Some immediate perspectives from the (global) deep south:

Trump, the 2020 elections and US democracy

Regardless of whether Trump or Biden gets into the White House and whatever the results of the Senate and House elections, US corporate capital and the ultra-wealthy will continue to rule the economic and developmental roost. What this will means is greater inequality, intensified destruction of the natural environment and climate change, and a burgeoning of the ranks of precarious workers and the poor (particularly those of colour).

By Dr Dale T McKinley**

Whatever the final outcome of a highly unpredictable Presidential election in the USA – leaving aside the simultaneous elections for the US House of Representatives and the Senate – there are certain things about the process and context that are patently predictable.

First, Donald Trump is once again making false claims that the ‘other side’ (i.e. anyone who does not support/agree with, him) is committing electoral fraud and trying to steal the election. He has gone further by making the absurd ‘demand’ that the counting of votes must stop (which would ironically mean victory for Biden). America’s little ‘Il Duce’ and his Republican party have begun filing legal challenges and have indicated they will go to the Supreme Court (which of course they have now stacked with a friendly majority).

Second, due to the continuation of the implicitly undemocratic Electoral College system, the election is yet again coming down to a handful of ‘swing states’  (in this case, Arizona, Nevada, Pennsylvania and Georgia). This is despite the fact that Biden is already a clear victor in respect of the overall popular vote – by almost 4 million out of over 140 million votes cast by the latest count.

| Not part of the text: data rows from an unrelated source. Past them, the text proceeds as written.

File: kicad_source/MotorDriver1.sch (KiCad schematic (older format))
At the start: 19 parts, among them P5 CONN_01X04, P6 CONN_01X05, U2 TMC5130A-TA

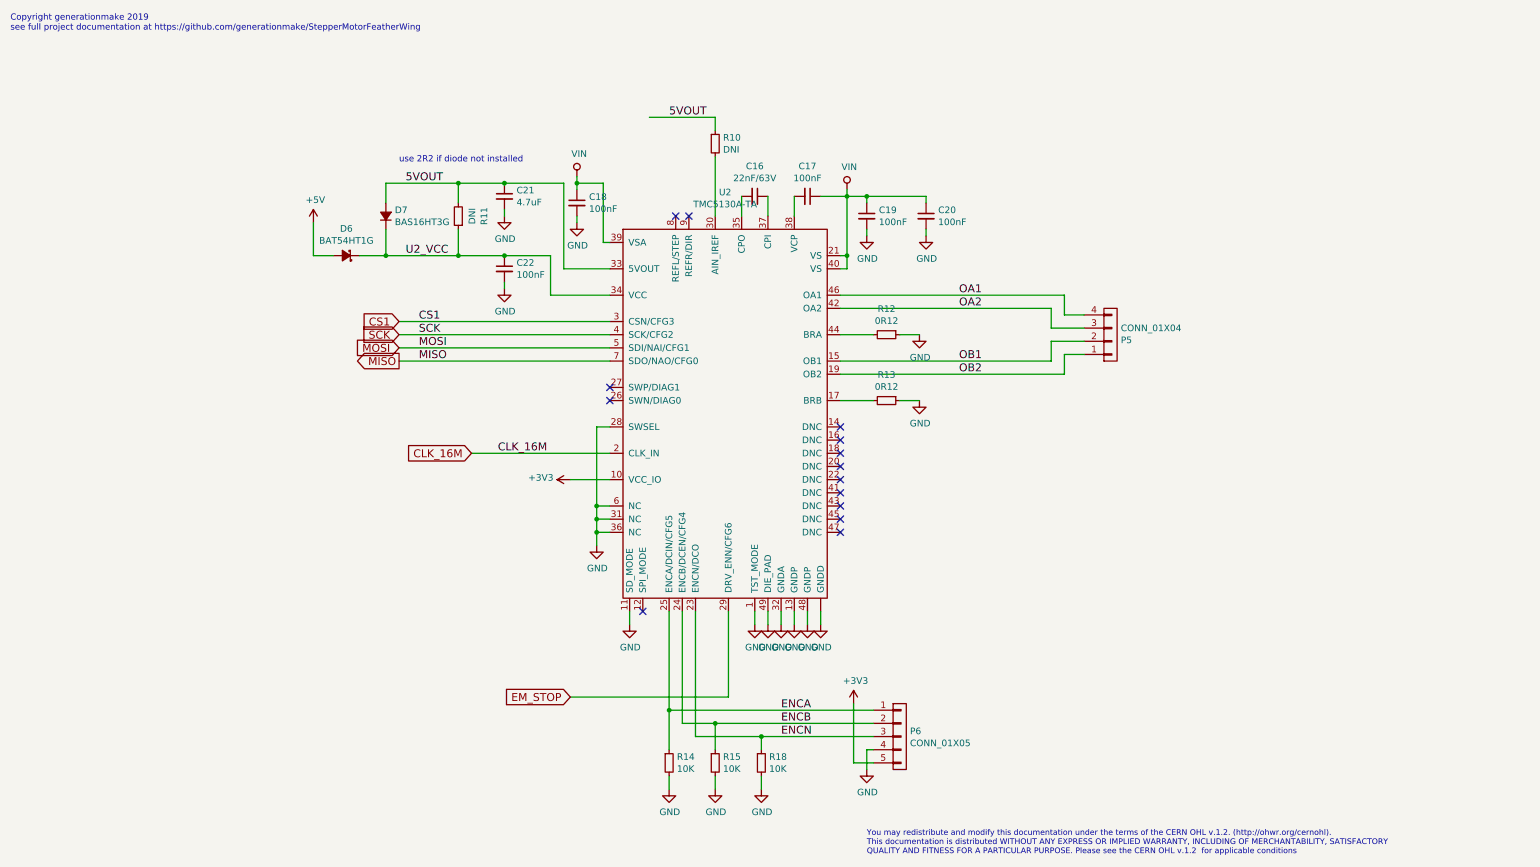
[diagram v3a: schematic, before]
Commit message: added leds and decoupling capacitors
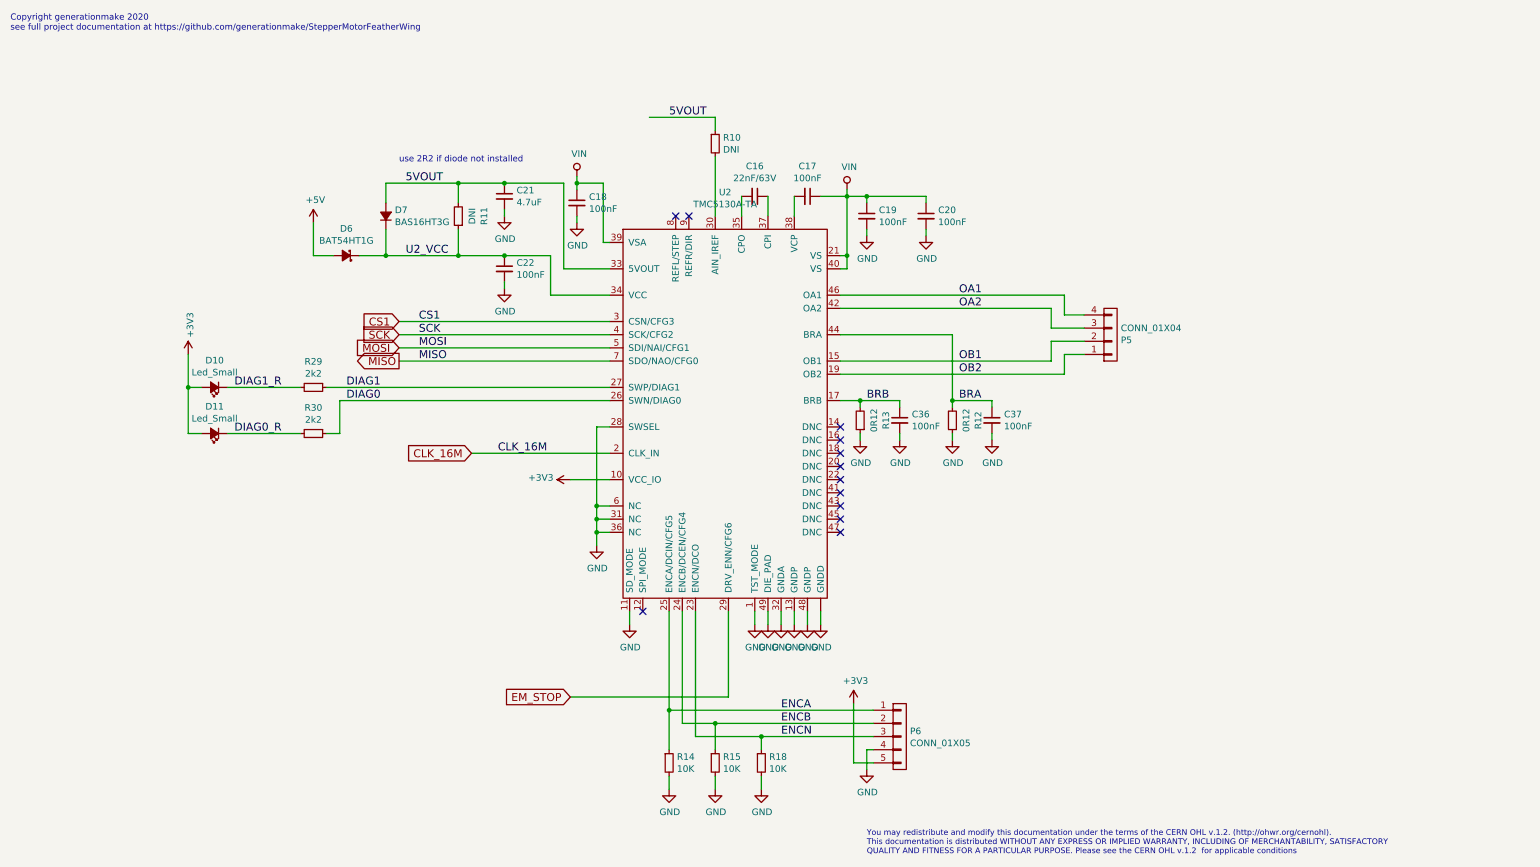
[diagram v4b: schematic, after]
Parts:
- added C36, C37: 100nF, capacitors:C_0603, symbol devices:C_0603
- added D10, D11: Led_Small, LEDs:LED_0603, symbol devices:Led_Small
- added R29, R30: 2k2, resistors:R_0603, symbol devices:R_0603
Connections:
- net +3V3: now also D10.2 (A), D11.2 (A)
- net GND: now also C36.2, C37.2
- net BRB: now reaches R13.2, U2.17 (BRB)
- net BRB: now also C36.1
- net DIAG0: now reaches U2.26 (SWN/DIAG0)
- net DIAG0: now also R30.1
- net DIAG1: now reaches U2.27 (SWP/DIAG1)
- net DIAG1: now also R29.1
- net BRA: now reaches R12.2, U2.44 (BRA)
- net BRA: now also C37.1
- new net DIAG0_R: D11.1 (K), R30.2
- new net DIAG1_R: D10.1 (K), R29.2
- no-connect marks 14 -> 12
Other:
- note added: "Copyright generationmake 2020\nsee full project documentation at https://github.com/generationmake/StepperMotorFeatherWing"
- note removed: "Copyright generationmake 2019\nsee full project documentation at https://github.com/generationmake/StepperMotorFeatherWing"
- moved on the sheet: R12, R13
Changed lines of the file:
@@
 Sheet 4 6
 Title "HighPowerMotorFeatherWing"
-Date "2019-12-31"
-Rev "1.0"
+Date "2020-07-04"
+Rev "1.1"
 Comp "generationmake"
 Comment1 ""
@@
 $EndDescr
 Text Notes 500  650  0    47   ~ 0
-Copyright generationmake 2019\nsee full project documentation at https://github.com/generationmake/StepperMotorFeatherWing
+Copyright generationmake 2020\nsee full project documentation at https://github.com/generationmake/StepperMotorFeatherWing
 Text Notes 7000 6900 0    43   ~ 0
 You may redistribute and modify this documentation under the terms of the CERN OHL v.1.2. (http://ohwr.org/cernohl). \nThis documentation is distributed WITHOUT ANY EXPRESS OR IMPLIED WARRANTY, INCLUDING OF MERCHANTABILITY, SATISFACTORY \nQUALITY AND FITNESS FOR A PARTICULAR PURPOSE. Please see the CERN OHL v.1.2  for applicable conditions
@@
 L devices:R_0805 R12
 U 1 1 5DF3422D
-P 7150 2950
-F 0 "R12" V 6954 2950 50  0000 C CNN
-F 1 "0R12" V 7045 2950 50  0000 C CNN
-F 2 "resistors:R_0805" H 7150 2800 50  0001 C CNN
-F 3 "" H 7150 2950 50  0000 C CNN
-	1    7150 2950
-	0    1    1    0
+P 7650 3600
+F 0 "R12" V 7454 3600 50  0000 C CNN
+F 1 "0R12" V 7545 3600 50  0000 C CNN
+F 2 "resistors:R_0805" H 7650 3450 50  0001 C CNN
+F 3 "" H 7650 3600 50  0000 C CNN
+	1    7650 3600
+	-1   0    0    1
 $EndComp
 $Comp
 L devices:R_0805 R13
 U 1 1 5DED18D5
-P 7150 3450
-F 0 "R13" V 6954 3450 50  0000 C CNN
-F 1 "0R12" V 7045 3450 50  0000 C CNN
-F 2 "resistors:R_0805" H 7150 3300 50  0001 C CNN
-F 3 "" H 7150 3450 50  0000 C CNN
-	1    7150 3450
-	0    1    1    0
+P 6950 3600
+F 0 "R13" V 6754 3600 50  0000 C CNN
+F 1 "0R12" V 6845 3600 50  0000 C CNN
+F 2 "resistors:R_0805" H 6950 3450 50  0001 C CNN
+F 3 "" H 6950 3600 50  0000 C CNN
+	1    6950 3600
+	-1   0    0    1
 $EndComp
 $Comp
 L power-supply:GND #PWR049
 U 1 1 5DF3508D
-P 7400 2950
-F 0 "#PWR049" H 7400 2700 50  0001 C CNN
-F 1 "GND" H 7405 2777 50  0000 C CNN
-F 2 "" H 7400 2950 50  0000 C CNN
-F 3 "" H 7400 2950 50  0000 C CNN
-	1    7400 2950
+P 7650 3750
+F 0 "#PWR049" H 7650 3500 50  0001 C CNN
+F 1 "GND" H 7655 3577 50  0000 C CNN
+F 2 "" H 7650 3750 50  0000 C CNN
+F 3 "" H 7650 3750 50  0000 C CNN
+	1    7650 3750
 	1    0    0    -1
 $EndComp
@@
 L power-supply:GND #PWR050
 U 1 1 5DF35371
-P 7400 3450
-F 0 "#PWR050" H 7400 3200 50  0001 C CNN
-F 1 "GND" H 7405 3277 50  0000 C CNN
-F 2 "" H 7400 3450 50  0000 C CNN
-F 3 "" H 7400 3450 50  0000 C CNN
-	1    7400 3450
+P 6950 3750
+F 0 "#PWR050" H 6950 3500 50  0001 C CNN
+F 1 "GND" H 6955 3577 50  0000 C CNN
+F 2 "" H 6950 3750 50  0000 C CNN
+F 3 "" H 6950 3750 50  0000 C CNN
+	1    6950 3750
 	1    0    0    -1
 $EndComp
@@
 $EndComp
 Wire Wire Line
-	7050 2950 6800 2950
-Wire Wire Line
-	7250 3450 7400 3450
-Wire Wire Line
-	6800 3450 7050 3450
-Wire Wire Line
-	7250 2950 7400 2950
-Wire Wire Line
 	6800 3150 8400 3150
 Wire Wire Line
@@
 Wire Wire Line
 	7050 6000 6200 6000
-NoConn ~ 5050 3350
-NoConn ~ 5050 3450
 Wire Wire Line
 	3450 2850 5050 2850
@@
 Text Label 4200 3850 0    60   ~ 0
 CLK_16M
+$Comp
+L devices:R_0603 R29
+U 1 1 5F025930
+P 2800 3350
+F 0 "R29" V 2604 3350 50  0000 C CNN
+F 1 "2k2" V 2695 3350 50  0000 C CNN
+F 2 "resistors:R_0603" H 2800 3200 50  0001 C CNN
+F 3 "" H 2800 3350 50  0000 C CNN
+	1    2800 3350
+	0    1    1    0
+$EndComp
+$Comp
+L devices:Led_Small D10
+U 1 1 5F0261B0
+P 2050 3350
+F 0 "D10" H 2050 3145 50  0000 C CNN
+F 1 "Led_Small" H 2050 3236 50  0000 C CNN
+F 2 "LEDs:LED_0603" V 2050 3350 50  0001 C CNN
+F 3 "" V 2050 3350 50  0000 C CNN
+	1    2050 3350
+	-1   0    0    1
+$EndComp
+$Comp
+L devices:R_0603 R30
+U 1 1 5F032369
+P 2800 3700
+F 0 "R30" V 2604 3700 50  0000 C CNN
+F 1 "2k2" V 2695 3700 50  0000 C CNN
+F 2 "resistors:R_0603" H 2800 3550 50  0001 C CNN
+F 3 "" H 2800 3700 50  0000 C CNN
+	1    2800 3700
+	0    1    1    0
+$EndComp
+$Comp
+L devices:Led_Small D11
+U 1 1 5F032373
+P 2050 3700
+F 0 "D11" H 2050 3495 50  0000 C CNN
+F 1 "Led_Small" H 2050 3586 50  0000 C CNN
+F 2 "LEDs:LED_0603" V 2050 3700 50  0001 C CNN
+F 3 "" V 2050 3700 50  0000 C CNN
+	1    2050 3700
+	-1   0    0    1
+$EndComp
+Wire Wire Line
+	3000 3450 3000 3700
+Wire Wire Line
+	3000 3700 2900 3700
+Wire Wire Line
+	1950 3350 1850 3350
+Wire Wire Line
+	1850 3350 1850 3700
+Wire Wire Line
+	1950 3700 1850 3700
+Text Label 3050 3350 0    60   ~ 0
+DIAG1
+Text Label 3050 3450 0    60   ~ 0
+DIAG0
+$Comp
+L power-supply:+3V3 #PWR0100
+U 1 1 5F054865
+P 1850 3100
+F 0 "#PWR0100" H 1850 2950 50  0001 C CNN
+F 1 "+3V3" V 1865 3228 50  0000 L CNN
+F 2 "" H 1850 3100 50  0000 C CNN
+F 3 "" H 1850 3100 50  0000 C CNN
+	1    1850 3100
+	1    0    0    -1
+$EndComp
+Wire Wire Line
+	1850 3100 1850 3350
+Connection ~ 1850 3350
+Wire Wire Line
+	2150 3350 2700 3350
+Wire Wire Line
+	2150 3700 2700 3700
+Text Label 2200 3700 0    60   ~ 0
+DIAG0_R
+Text Label 2200 3350 0    60   ~ 0
+DIAG1_R
+Wire Wire Line
+	2900 3350 5050 3350
+Wire Wire Line
+	3000 3450 5050 3450
+$Comp
+L devices:C_0603 C36
+U 1 1 5F0A7325
+P 7250 3600
+F 0 "C36" H 7342 3646 50  0000 L CNN
+F 1 "100nF" H 7342 3555 50  0000 L CNN
+F 2 "capacitors:C_0603" H 7250 3450 50  0001 C CNN
+F 3 "" H 7250 3600 50  0000 C CNN
+	1    7250 3600
+	1    0    0    -1
+$EndComp
+$Comp
+L devices:C_0603 C37
+U 1 1 5F0AD383
+P 7950 3600
+F 0 "C37" H 8042 3646 50  0000 L CNN
+F 1 "100nF" H 8042 3555 50  0000 L CNN
+F 2 "capacitors:C_0603" H 7950 3450 50  0001 C CNN
+F 3 "" H 7950 3600 50  0000 C CNN
+	1    7950 3600
+	1    0    0    -1
+$EndComp
+$Comp
+L power-supply:GND #PWR0101
+U 1 1 5F0AF0D5
+P 7250 3750
+F 0 "#PWR0101" H 7250 3500 50  0001 C CNN
+F 1 "GND" H 7255 3577 50  0000 C CNN
+F 2 "" H 7250 3750 50  0000 C CNN
+F 3 "" H 7250 3750 50  0000 C CNN
+	1    7250 3750
+	1    0    0    -1
+$EndComp
+$Comp
+L power-supply:GND #PWR0102
+U 1 1 5F0AF2A7
+P 7950 3750
+F 0 "#PWR0102" H 7950 3500 50  0001 C CNN
+F 1 "GND" H 7955 3577 50  0000 C CNN
+F 2 "" H 7950 3750 50  0000 C CNN
+F 3 "" H 7950 3750 50  0000 C CNN
+	1    7950 3750
+	1    0    0    -1
+$EndComp
+Wire Wire Line
+	6800 3450 6950 3450
+Wire Wire Line
+	7250 3450 7250 3500
+Wire Wire Line
+	7650 2950 7650 3450
+Wire Wire Line
+	6800 2950 7650 2950
+Wire Wire Line
+	7650 3450 7950 3450
+Wire Wire Line
+	7950 3450 7950 3500
+Connection ~ 7650 3450
+Wire Wire Line
+	7650 3450 7650 3500
+Wire Wire Line
+	7950 3700 7950 3750
+Wire Wire Line
+	7650 3700 7650 3750
+Wire Wire Line
+	7250 3700 7250 3750
+Wire Wire Line
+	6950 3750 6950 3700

Third, the electoral numbers reaffirm the now almost century-long dominance of a 2 party, status-quo political representative system; the USA’s electoral choices at the national level remain razor thin. And, even though tens of millions of eligible voters did not participate and there has been some cross-over voting, this elections reaffirms that the USA is a seriously divided nation along racial, class, gender and socio-cultural lines.

Fourth, the response so far of US  and other ‘markets’, which have seen modest surges in futures and stocks/share prices, yet again reveals that US/ multinational corporate capital will always desire predictability above all else, as long as it remains within systemic (capitalist) ideological boundaries.

What is more foundational though, is that these predictabilities represent much deeper, structural realities that underlie not only the present elections but indeed the entire democratic edifice in the USA. What Trump and the 2020 elections (which have really been going on for the past two years at least) have done is to bring those realities even more  clearly and prominently to the surface, where (most of) the people in both the USA and the world can now see them. So, what are these realities?

That the USA has always been, as the neo-conservative/religious right intellectual guru Paul Weyrich openly and approvingly argued in the 1980s, a country ruled and governed by a minority. This is because the institutional foundations of the political system in the USA – such as the Electoral College and the Senate – are designed to ensure an over-representation of those from mostly rural/small-town, lightly populated, predominately white and conservative states. As long as this remains the case, so too will elections functionally reflect this reality.

That the unrelenting (and largely successful) efforts by the Republican party and Trump to do everything possible to corral and suppress the right to vote for all, has further institutionalised and greatly strengthened a historicised hierarchy of citizenship.  When added to the similarly successful and unprecedented efforts to pack the judiciary with yes men and women, the cumulative result will be a long-lasting reinforcement of the power of the (racial and class) minority.

That despite some of the more progressive demographic and social changes in the USA, especially over the last 2-3 decades, a sizeable section of the population remains socially-culturally and politically conservative (including amongst the African-American and Hispanic population as well as amongst more recent immigrant communities). Combined with the USA’s historic and dominant embracing of a populist and narrowly identitarian nationalism and imperialism (and Trump’s fuel on the fire approach to both), this reality will remain crucial to the outcome of all electoral politics in the USA and engagement with the rest of the world, for some time to come.

That regardless of whether Trump or Biden gets into the White House and whatever the results of the Senate and House elections, US corporate capital and the ultra-wealthy will continue to rule the economic and developmental roost. What this will mean is greater inequality, continued destruction of the natural environment and climate change, and a burgeoning of the ranks of precarious workers and the poor (particularly those of colour).

It is the unfortunate and magnified inheritance of our time that what happens in the domestic realm of the USA reverberates across the globe, with both direct and indirect, short and long-term, consequences. As we watch what unfolds in this more immediate phase, we would be wise to pay close attention to the underlying, structural realities that are now so clear to see; less we too follow in the footsteps of associated predictability.

**Dale McKinley is an independent writer, researcher and lecturer as well as research and education officer for the International Labour, Research and Information Group, based in Johannesburg. He is a veteran political activist who has been involved in social movement, community and liberation organisations and struggles for close to four decades. The author of several books, he has written and published widely on various aspects of South African, regional and global political, social and economic issues and struggles.